··· PROVIDED DATA

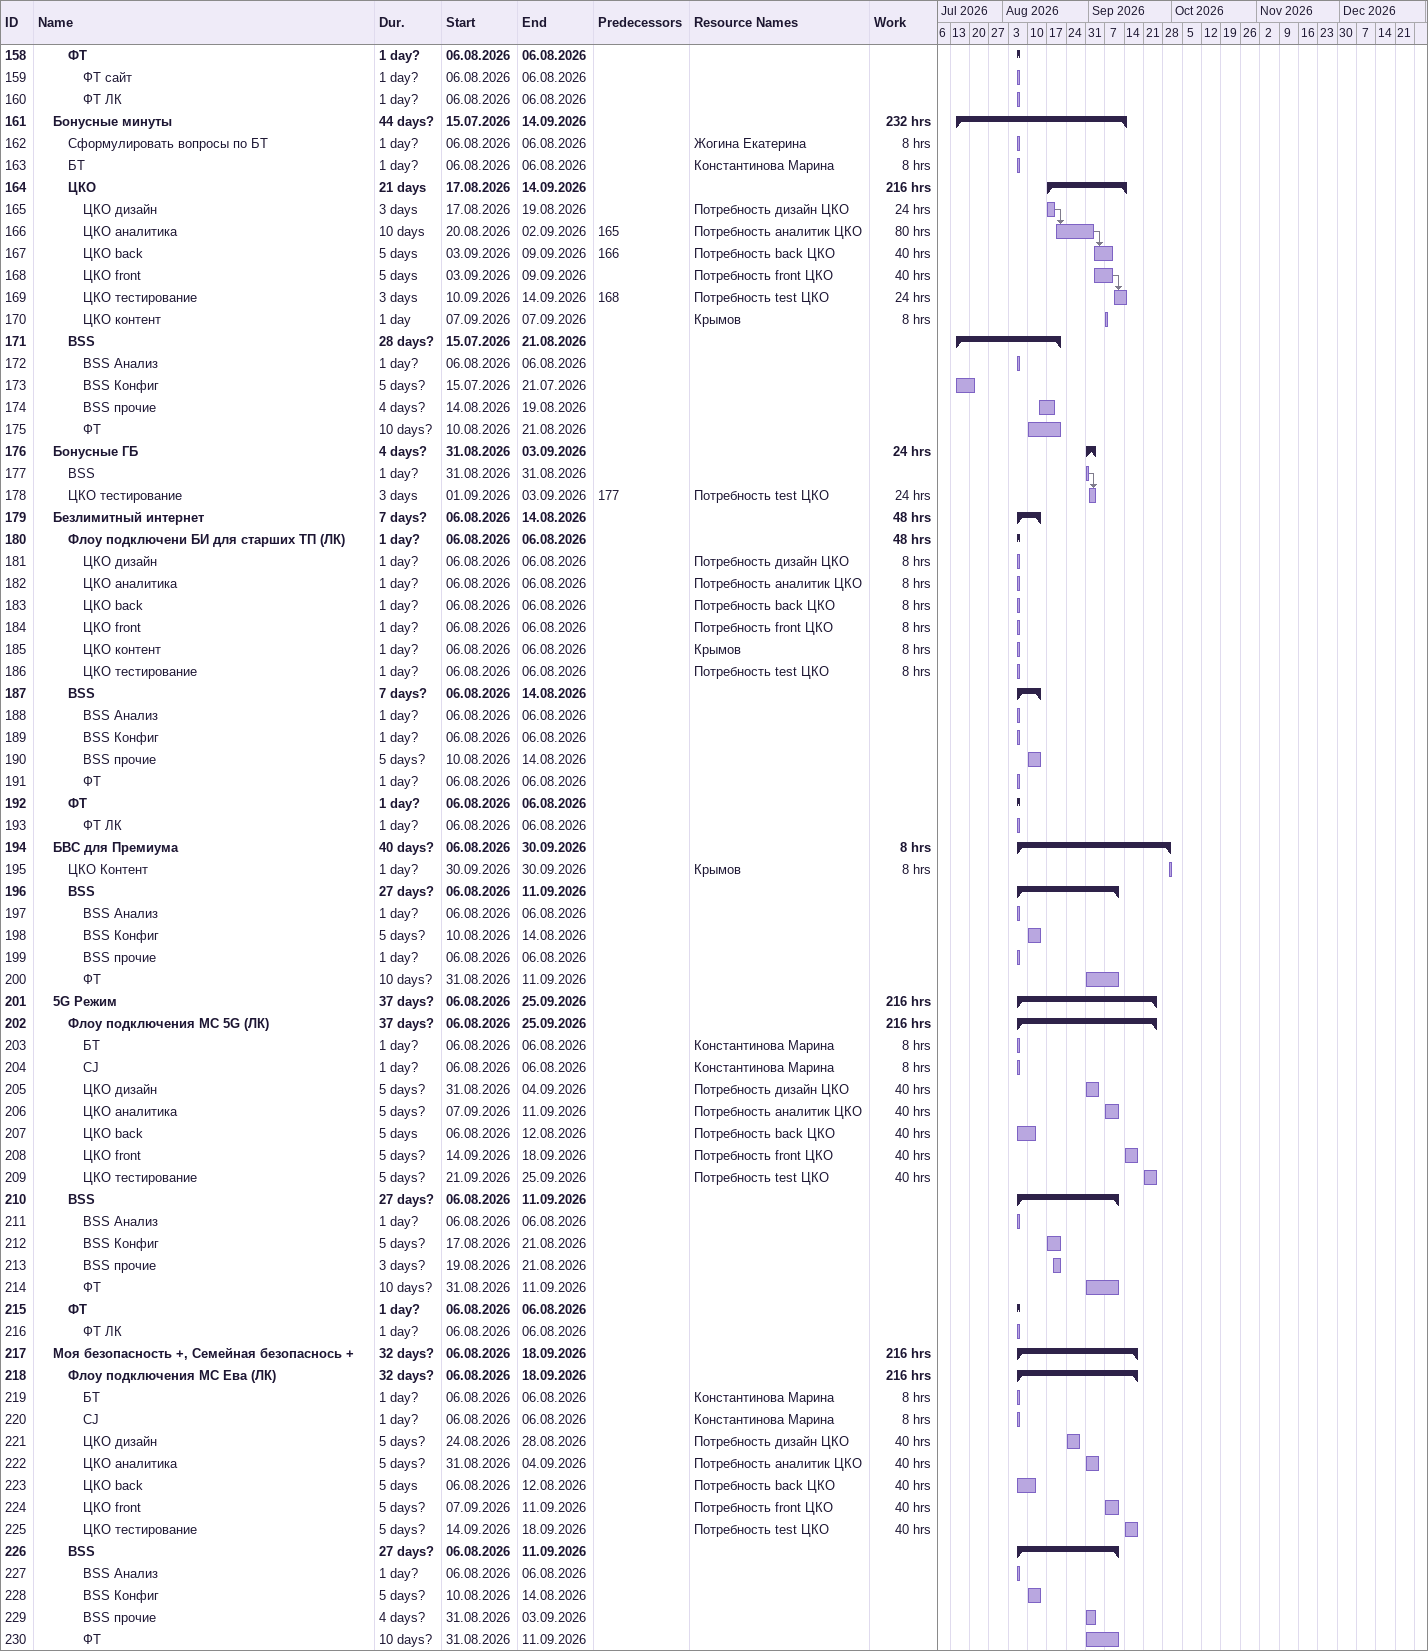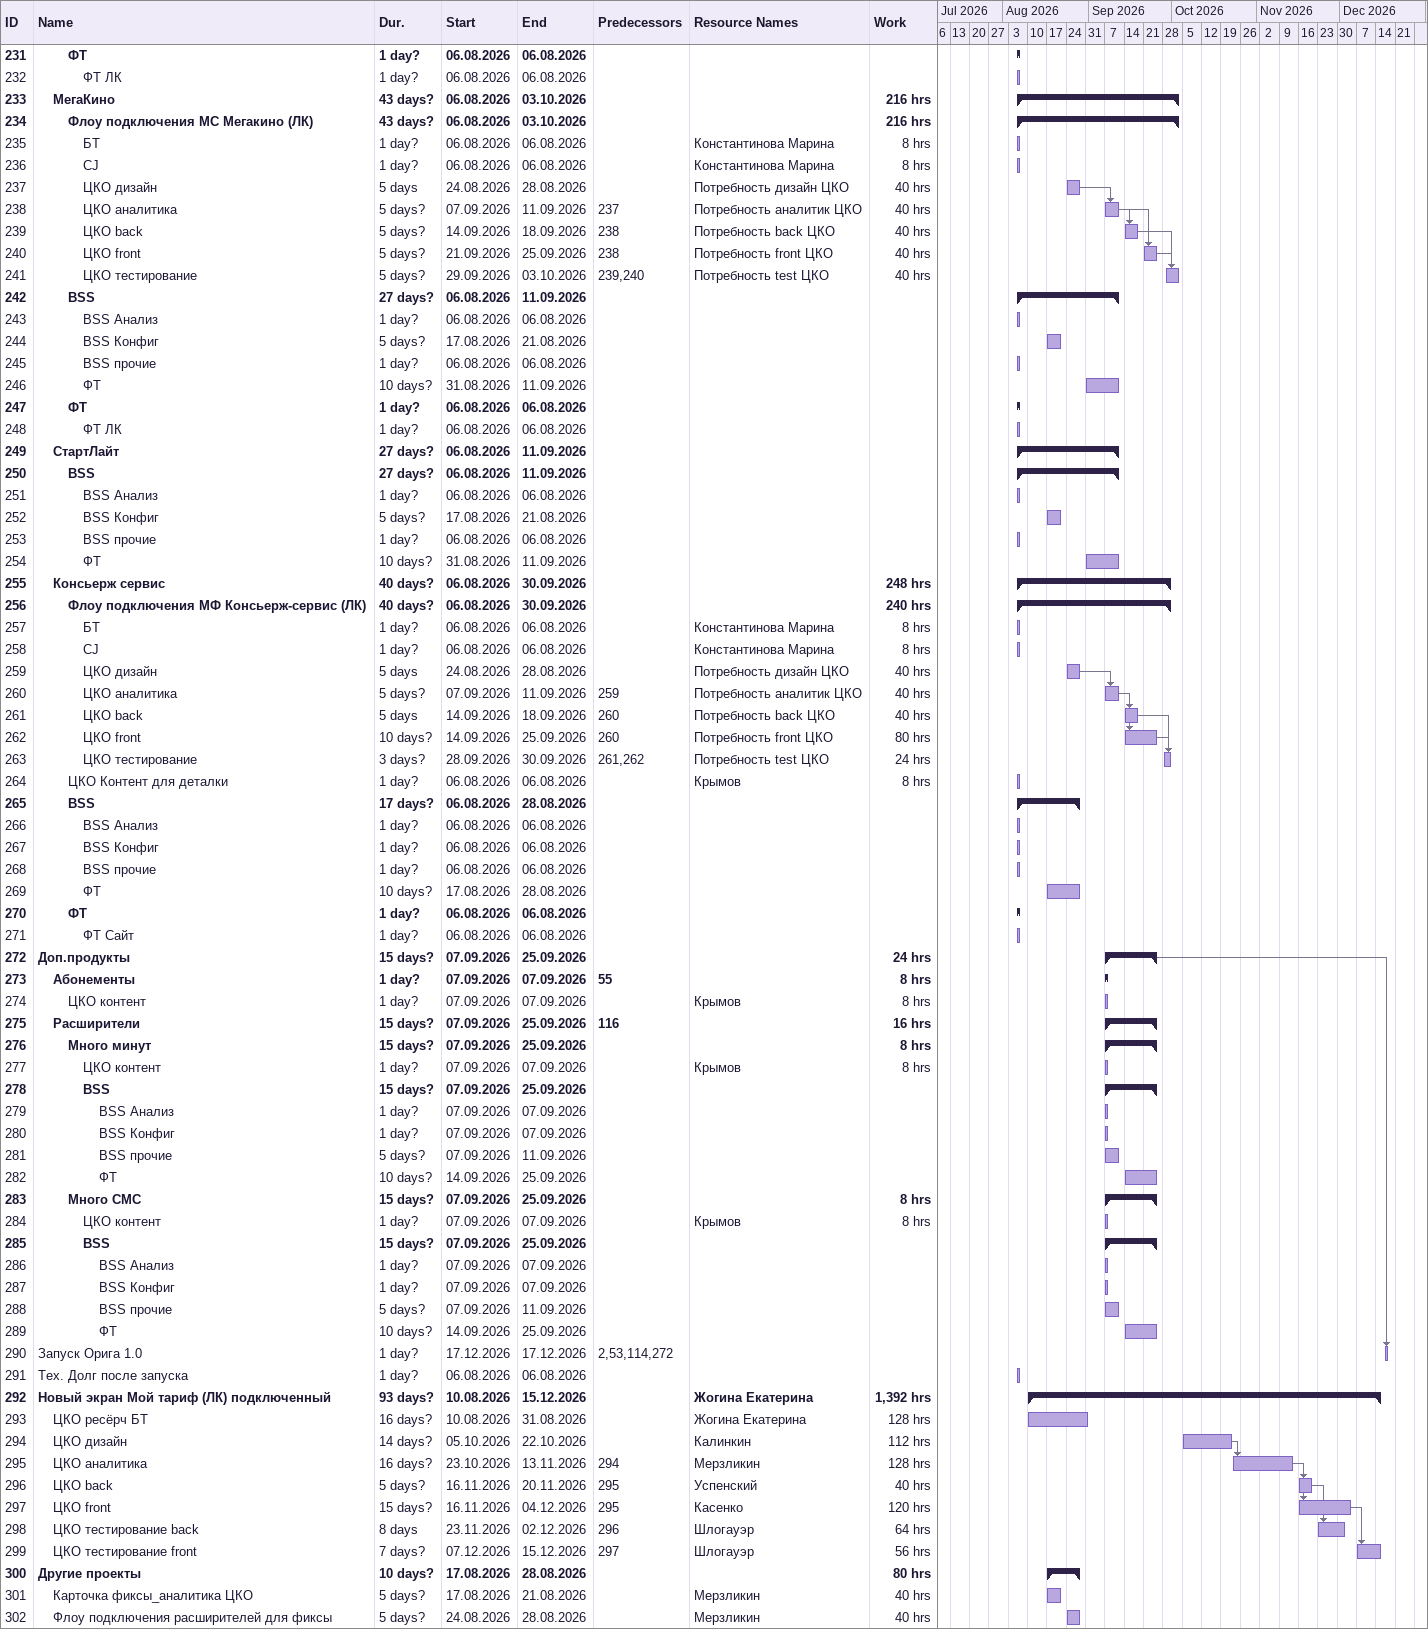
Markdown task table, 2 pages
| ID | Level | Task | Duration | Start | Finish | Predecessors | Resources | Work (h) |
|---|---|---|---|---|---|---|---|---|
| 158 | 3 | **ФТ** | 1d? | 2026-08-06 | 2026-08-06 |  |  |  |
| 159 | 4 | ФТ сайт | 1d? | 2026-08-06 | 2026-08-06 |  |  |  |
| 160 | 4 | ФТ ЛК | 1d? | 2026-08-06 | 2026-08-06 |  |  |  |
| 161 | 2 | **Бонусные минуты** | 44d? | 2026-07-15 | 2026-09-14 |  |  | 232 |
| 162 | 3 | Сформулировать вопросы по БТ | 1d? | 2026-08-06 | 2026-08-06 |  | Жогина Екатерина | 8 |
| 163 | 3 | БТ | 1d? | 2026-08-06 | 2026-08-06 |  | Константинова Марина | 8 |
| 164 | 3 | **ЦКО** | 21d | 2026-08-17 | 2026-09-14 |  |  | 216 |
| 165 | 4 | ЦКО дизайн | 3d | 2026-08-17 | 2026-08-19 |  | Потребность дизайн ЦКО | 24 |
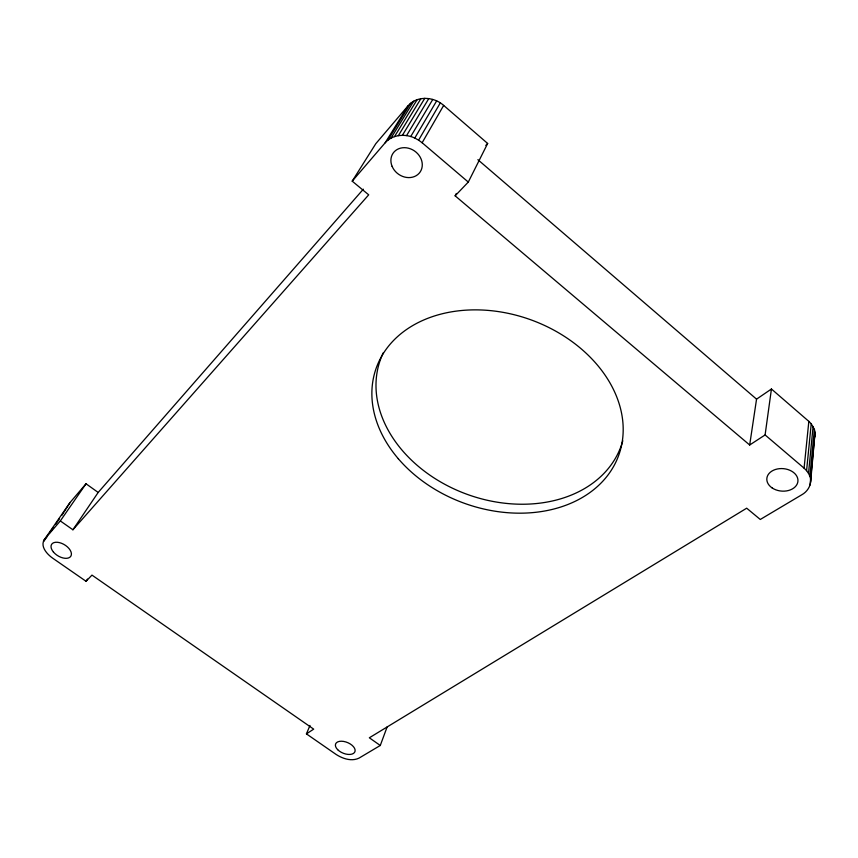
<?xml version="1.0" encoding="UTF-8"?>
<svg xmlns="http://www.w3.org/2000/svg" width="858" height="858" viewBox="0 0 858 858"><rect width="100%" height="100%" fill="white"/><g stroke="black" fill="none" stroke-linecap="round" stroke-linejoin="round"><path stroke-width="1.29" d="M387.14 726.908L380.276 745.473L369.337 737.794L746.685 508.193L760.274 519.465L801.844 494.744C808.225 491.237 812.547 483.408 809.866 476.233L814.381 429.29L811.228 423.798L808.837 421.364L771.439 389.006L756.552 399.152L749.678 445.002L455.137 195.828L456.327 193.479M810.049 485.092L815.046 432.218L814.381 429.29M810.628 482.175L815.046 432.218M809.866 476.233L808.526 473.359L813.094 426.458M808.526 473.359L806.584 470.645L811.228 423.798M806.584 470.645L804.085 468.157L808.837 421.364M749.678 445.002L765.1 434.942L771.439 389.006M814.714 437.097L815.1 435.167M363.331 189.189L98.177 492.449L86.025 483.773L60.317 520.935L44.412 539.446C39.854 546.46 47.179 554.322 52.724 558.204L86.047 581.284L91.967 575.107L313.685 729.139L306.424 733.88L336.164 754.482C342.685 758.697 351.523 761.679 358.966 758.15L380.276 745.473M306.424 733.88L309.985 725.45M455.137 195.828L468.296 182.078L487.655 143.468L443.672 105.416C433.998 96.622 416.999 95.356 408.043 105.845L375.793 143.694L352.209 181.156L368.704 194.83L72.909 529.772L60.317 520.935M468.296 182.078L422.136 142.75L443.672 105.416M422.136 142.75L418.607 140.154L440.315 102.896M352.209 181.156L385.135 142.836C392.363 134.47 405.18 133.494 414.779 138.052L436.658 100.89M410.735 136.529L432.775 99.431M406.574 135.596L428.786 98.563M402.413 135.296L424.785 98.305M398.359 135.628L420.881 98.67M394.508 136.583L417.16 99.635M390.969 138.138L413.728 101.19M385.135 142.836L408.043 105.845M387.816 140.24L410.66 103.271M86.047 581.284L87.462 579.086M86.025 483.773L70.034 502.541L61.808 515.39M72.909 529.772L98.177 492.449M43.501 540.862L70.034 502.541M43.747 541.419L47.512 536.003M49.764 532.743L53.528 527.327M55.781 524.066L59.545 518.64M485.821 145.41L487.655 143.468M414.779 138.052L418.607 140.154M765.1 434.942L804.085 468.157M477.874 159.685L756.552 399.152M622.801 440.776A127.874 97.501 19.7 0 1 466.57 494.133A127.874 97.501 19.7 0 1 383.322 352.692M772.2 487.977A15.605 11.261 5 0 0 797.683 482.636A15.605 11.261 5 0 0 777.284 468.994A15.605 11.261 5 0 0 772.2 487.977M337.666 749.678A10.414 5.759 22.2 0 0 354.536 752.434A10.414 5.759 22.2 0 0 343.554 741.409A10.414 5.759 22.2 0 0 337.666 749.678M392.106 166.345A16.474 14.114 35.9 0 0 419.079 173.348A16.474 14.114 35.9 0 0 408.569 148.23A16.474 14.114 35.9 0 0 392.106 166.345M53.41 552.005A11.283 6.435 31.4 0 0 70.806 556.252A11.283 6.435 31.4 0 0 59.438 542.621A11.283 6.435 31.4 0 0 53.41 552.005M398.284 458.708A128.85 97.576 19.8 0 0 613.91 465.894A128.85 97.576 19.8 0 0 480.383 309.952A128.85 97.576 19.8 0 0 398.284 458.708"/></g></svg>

······

## ACTIVITY:
Nothing but the listing, copied exactly and stripped of its images, should appear in the response.

## RESPONSE TO THE EXERCISE:
Markdown task table, 2 pages
| ID | Level | Task | Duration | Start | Finish | Predecessors | Resources | Work (h) |
|---|---|---|---|---|---|---|---|---|
| 158 | 3 | **ФТ** | 1d? | 2026-08-06 | 2026-08-06 |  |  |  |
| 159 | 4 | ФТ сайт | 1d? | 2026-08-06 | 2026-08-06 |  |  |  |
| 160 | 4 | ФТ ЛК | 1d? | 2026-08-06 | 2026-08-06 |  |  |  |
| 161 | 2 | **Бонусные минуты** | 44d? | 2026-07-15 | 2026-09-14 |  |  | 232 |
| 162 | 3 | Сформулировать вопросы по БТ | 1d? | 2026-08-06 | 2026-08-06 |  | Жогина Екатерина | 8 |
| 163 | 3 | БТ | 1d? | 2026-08-06 | 2026-08-06 |  | Константинова Марина | 8 |
| 164 | 3 | **ЦКО** | 21d | 2026-08-17 | 2026-09-14 |  |  | 216 |
| 165 | 4 | ЦКО дизайн | 3d | 2026-08-17 | 2026-08-19 |  | Потребность дизайн ЦКО | 24 |
<?xml version="1.0" encoding="UTF-8"?>
<svg xmlns="http://www.w3.org/2000/svg" width="858" height="858" viewBox="0 0 858 858"><rect width="100%" height="100%" fill="white"/><g stroke="black" fill="none" stroke-linecap="round" stroke-linejoin="round"><path stroke-width="1.29" d="M387.14 726.908L380.276 745.473L369.337 737.794L746.685 508.193L760.274 519.465L801.844 494.744C808.225 491.237 812.547 483.408 809.866 476.233L814.381 429.29L811.228 423.798L808.837 421.364L771.439 389.006L756.552 399.152L749.678 445.002L455.137 195.828L456.327 193.479M810.049 485.092L815.046 432.218L814.381 429.29M810.628 482.175L815.046 432.218M809.866 476.233L808.526 473.359L813.094 426.458M808.526 473.359L806.584 470.645L811.228 423.798M806.584 470.645L804.085 468.157L808.837 421.364M749.678 445.002L765.1 434.942L771.439 389.006M814.714 437.097L815.1 435.167M363.331 189.189L98.177 492.449L86.025 483.773L60.317 520.935L44.412 539.446C39.854 546.46 47.179 554.322 52.724 558.204L86.047 581.284L91.967 575.107L313.685 729.139L306.424 733.88L336.164 754.482C342.685 758.697 351.523 761.679 358.966 758.15L380.276 745.473M306.424 733.88L309.985 725.45M455.137 195.828L468.296 182.078L487.655 143.468L443.672 105.416C433.998 96.622 416.999 95.356 408.043 105.845L375.793 143.694L352.209 181.156L368.704 194.83L72.909 529.772L60.317 520.935M468.296 182.078L422.136 142.75L443.672 105.416M422.136 142.75L418.607 140.154L440.315 102.896M352.209 181.156L385.135 142.836C392.363 134.47 405.18 133.494 414.779 138.052L436.658 100.89M410.735 136.529L432.775 99.431M406.574 135.596L428.786 98.563M402.413 135.296L424.785 98.305M398.359 135.628L420.881 98.67M394.508 136.583L417.16 99.635M390.969 138.138L413.728 101.19M385.135 142.836L408.043 105.845M387.816 140.24L410.66 103.271M86.047 581.284L87.462 579.086M86.025 483.773L70.034 502.541L61.808 515.39M72.909 529.772L98.177 492.449M43.501 540.862L70.034 502.541M43.747 541.419L47.512 536.003M49.764 532.743L53.528 527.327M55.781 524.066L59.545 518.64M485.821 145.41L487.655 143.468M414.779 138.052L418.607 140.154M765.1 434.942L804.085 468.157M477.874 159.685L756.552 399.152M622.801 440.776A127.874 97.501 19.7 0 1 466.57 494.133A127.874 97.501 19.7 0 1 383.322 352.692M772.2 487.977A15.605 11.261 5 0 0 797.683 482.636A15.605 11.261 5 0 0 777.284 468.994A15.605 11.261 5 0 0 772.2 487.977M337.666 749.678A10.414 5.759 22.2 0 0 354.536 752.434A10.414 5.759 22.2 0 0 343.554 741.409A10.414 5.759 22.2 0 0 337.666 749.678M392.106 166.345A16.474 14.114 35.9 0 0 419.079 173.348A16.474 14.114 35.9 0 0 408.569 148.23A16.474 14.114 35.9 0 0 392.106 166.345M53.41 552.005A11.283 6.435 31.4 0 0 70.806 556.252A11.283 6.435 31.4 0 0 59.438 542.621A11.283 6.435 31.4 0 0 53.41 552.005M398.284 458.708A128.85 97.576 19.8 0 0 613.91 465.894A128.85 97.576 19.8 0 0 480.383 309.952A128.85 97.576 19.8 0 0 398.284 458.708"/></g></svg>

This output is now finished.